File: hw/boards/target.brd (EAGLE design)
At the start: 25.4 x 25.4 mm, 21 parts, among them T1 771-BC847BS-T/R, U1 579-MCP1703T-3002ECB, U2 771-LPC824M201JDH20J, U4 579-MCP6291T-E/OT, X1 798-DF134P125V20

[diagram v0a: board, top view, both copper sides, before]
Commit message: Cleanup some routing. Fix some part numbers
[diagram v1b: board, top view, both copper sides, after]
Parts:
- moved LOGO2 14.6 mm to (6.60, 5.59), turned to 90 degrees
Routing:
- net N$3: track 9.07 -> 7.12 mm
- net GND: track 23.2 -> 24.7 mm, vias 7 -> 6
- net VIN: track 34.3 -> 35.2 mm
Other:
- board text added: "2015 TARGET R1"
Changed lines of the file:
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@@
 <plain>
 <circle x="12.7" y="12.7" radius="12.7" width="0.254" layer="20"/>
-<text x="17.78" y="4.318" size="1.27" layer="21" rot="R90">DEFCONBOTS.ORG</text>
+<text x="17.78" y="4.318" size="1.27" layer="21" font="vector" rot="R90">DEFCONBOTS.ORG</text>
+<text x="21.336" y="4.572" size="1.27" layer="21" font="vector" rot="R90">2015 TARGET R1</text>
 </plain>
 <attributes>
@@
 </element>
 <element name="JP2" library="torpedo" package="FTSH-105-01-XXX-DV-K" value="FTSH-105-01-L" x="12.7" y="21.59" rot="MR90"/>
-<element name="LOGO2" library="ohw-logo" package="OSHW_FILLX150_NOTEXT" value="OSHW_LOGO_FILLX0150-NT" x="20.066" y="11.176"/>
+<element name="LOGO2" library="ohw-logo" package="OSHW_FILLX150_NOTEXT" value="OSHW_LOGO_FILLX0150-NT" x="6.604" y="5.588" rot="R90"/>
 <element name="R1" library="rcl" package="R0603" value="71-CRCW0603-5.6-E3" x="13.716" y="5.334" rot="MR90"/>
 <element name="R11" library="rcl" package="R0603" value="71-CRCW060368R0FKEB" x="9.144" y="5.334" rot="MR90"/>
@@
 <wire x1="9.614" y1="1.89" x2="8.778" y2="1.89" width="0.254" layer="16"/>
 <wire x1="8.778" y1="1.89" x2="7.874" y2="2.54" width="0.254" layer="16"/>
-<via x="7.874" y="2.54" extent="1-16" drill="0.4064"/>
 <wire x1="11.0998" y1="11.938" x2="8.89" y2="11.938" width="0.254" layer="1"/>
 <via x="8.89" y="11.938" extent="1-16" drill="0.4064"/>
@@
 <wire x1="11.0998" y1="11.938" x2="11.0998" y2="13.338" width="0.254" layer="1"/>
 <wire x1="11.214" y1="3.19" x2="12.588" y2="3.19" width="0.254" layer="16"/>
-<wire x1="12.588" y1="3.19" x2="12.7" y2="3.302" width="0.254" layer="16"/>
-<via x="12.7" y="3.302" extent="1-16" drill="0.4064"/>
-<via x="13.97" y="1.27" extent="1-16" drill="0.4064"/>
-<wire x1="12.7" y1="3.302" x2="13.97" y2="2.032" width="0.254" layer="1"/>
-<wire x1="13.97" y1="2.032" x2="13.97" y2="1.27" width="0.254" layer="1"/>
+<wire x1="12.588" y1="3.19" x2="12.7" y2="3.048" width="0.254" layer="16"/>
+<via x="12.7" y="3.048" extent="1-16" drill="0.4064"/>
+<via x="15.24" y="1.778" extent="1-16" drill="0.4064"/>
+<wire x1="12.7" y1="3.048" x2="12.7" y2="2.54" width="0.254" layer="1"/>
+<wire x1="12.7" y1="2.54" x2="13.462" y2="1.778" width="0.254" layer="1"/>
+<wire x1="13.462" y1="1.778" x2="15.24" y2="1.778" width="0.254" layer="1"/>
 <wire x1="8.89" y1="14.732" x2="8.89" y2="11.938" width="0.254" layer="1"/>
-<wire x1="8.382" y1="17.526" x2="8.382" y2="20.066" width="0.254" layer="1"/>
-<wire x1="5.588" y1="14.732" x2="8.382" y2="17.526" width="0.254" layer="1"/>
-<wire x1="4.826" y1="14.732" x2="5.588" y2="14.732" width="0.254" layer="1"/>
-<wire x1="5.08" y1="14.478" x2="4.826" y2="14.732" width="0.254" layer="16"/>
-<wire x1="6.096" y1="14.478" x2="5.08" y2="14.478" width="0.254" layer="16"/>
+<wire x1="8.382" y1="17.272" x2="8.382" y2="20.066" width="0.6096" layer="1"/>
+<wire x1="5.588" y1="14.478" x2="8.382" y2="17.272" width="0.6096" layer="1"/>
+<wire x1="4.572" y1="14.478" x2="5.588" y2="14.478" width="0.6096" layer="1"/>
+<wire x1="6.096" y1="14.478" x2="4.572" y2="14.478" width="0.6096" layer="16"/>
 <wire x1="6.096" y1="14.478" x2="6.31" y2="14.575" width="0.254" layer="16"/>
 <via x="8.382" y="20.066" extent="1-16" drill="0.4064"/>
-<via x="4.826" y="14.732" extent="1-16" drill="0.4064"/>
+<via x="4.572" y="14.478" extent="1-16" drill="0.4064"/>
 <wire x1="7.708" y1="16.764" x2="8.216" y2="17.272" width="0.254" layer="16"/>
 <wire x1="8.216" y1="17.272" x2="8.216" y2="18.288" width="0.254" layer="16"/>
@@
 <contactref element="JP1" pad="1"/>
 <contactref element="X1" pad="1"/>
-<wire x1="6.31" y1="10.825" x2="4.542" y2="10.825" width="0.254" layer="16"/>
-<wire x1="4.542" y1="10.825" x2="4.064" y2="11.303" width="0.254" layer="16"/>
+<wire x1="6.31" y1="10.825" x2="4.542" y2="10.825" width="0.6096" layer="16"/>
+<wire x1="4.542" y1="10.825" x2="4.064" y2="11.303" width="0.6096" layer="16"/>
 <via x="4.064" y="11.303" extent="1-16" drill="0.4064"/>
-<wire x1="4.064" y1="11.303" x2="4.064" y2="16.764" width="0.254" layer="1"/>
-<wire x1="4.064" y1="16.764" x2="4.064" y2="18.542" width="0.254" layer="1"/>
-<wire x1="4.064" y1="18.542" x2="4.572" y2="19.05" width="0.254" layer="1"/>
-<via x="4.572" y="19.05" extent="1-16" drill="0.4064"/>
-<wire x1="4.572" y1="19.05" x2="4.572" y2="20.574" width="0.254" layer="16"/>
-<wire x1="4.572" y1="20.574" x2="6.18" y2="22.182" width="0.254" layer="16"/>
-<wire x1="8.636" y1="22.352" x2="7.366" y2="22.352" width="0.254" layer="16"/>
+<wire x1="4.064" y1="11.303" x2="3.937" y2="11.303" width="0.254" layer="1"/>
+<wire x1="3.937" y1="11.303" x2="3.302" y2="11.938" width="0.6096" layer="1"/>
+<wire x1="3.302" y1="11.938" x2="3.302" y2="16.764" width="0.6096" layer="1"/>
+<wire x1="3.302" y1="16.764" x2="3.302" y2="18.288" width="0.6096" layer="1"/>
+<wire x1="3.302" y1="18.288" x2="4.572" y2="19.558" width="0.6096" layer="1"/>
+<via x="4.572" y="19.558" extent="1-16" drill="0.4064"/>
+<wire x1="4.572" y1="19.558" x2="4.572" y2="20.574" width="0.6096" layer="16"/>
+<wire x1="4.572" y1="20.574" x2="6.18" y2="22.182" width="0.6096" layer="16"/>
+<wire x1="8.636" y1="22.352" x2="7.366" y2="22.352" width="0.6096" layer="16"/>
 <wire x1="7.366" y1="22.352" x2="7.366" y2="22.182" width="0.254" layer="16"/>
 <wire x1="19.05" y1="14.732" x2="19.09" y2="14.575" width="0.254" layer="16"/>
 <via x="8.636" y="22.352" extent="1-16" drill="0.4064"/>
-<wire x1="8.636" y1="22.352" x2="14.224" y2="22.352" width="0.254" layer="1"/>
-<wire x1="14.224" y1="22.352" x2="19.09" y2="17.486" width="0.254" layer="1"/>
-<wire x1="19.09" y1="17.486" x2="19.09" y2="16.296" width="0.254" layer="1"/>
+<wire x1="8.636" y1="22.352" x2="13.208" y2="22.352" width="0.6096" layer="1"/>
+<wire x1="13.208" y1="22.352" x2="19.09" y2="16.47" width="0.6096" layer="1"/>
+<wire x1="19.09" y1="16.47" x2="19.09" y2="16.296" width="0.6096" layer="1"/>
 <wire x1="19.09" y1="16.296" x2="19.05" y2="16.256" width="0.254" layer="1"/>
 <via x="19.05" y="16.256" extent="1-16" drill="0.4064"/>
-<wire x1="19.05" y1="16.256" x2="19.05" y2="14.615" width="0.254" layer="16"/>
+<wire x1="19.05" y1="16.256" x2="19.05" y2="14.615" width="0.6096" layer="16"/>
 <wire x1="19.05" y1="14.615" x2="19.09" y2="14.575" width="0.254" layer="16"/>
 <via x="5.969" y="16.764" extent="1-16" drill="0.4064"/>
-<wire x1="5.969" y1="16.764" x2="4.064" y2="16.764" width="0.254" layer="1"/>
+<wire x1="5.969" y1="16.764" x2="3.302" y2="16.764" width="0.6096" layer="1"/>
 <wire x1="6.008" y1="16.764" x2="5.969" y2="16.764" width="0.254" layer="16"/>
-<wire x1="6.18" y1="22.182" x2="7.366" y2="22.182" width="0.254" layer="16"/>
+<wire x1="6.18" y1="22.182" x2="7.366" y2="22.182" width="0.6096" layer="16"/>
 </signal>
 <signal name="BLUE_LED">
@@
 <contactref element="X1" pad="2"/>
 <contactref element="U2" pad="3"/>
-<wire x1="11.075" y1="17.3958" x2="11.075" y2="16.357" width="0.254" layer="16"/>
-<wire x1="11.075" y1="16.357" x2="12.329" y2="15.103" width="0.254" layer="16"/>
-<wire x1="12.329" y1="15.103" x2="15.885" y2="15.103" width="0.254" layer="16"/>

■ WORK TO COMPLETE ■
When "font" shows up in a line of the material, report that line.

■ SOLUTION ■
+<text x="17.78" y="4.318" size="1.27" layer="21" font="vector" rot="R90">DEFCONBOTS.ORG</text>
+<text x="21.336" y="4.572" size="1.27" layer="21" font="vector" rot="R90">2015 TARGET R1</text>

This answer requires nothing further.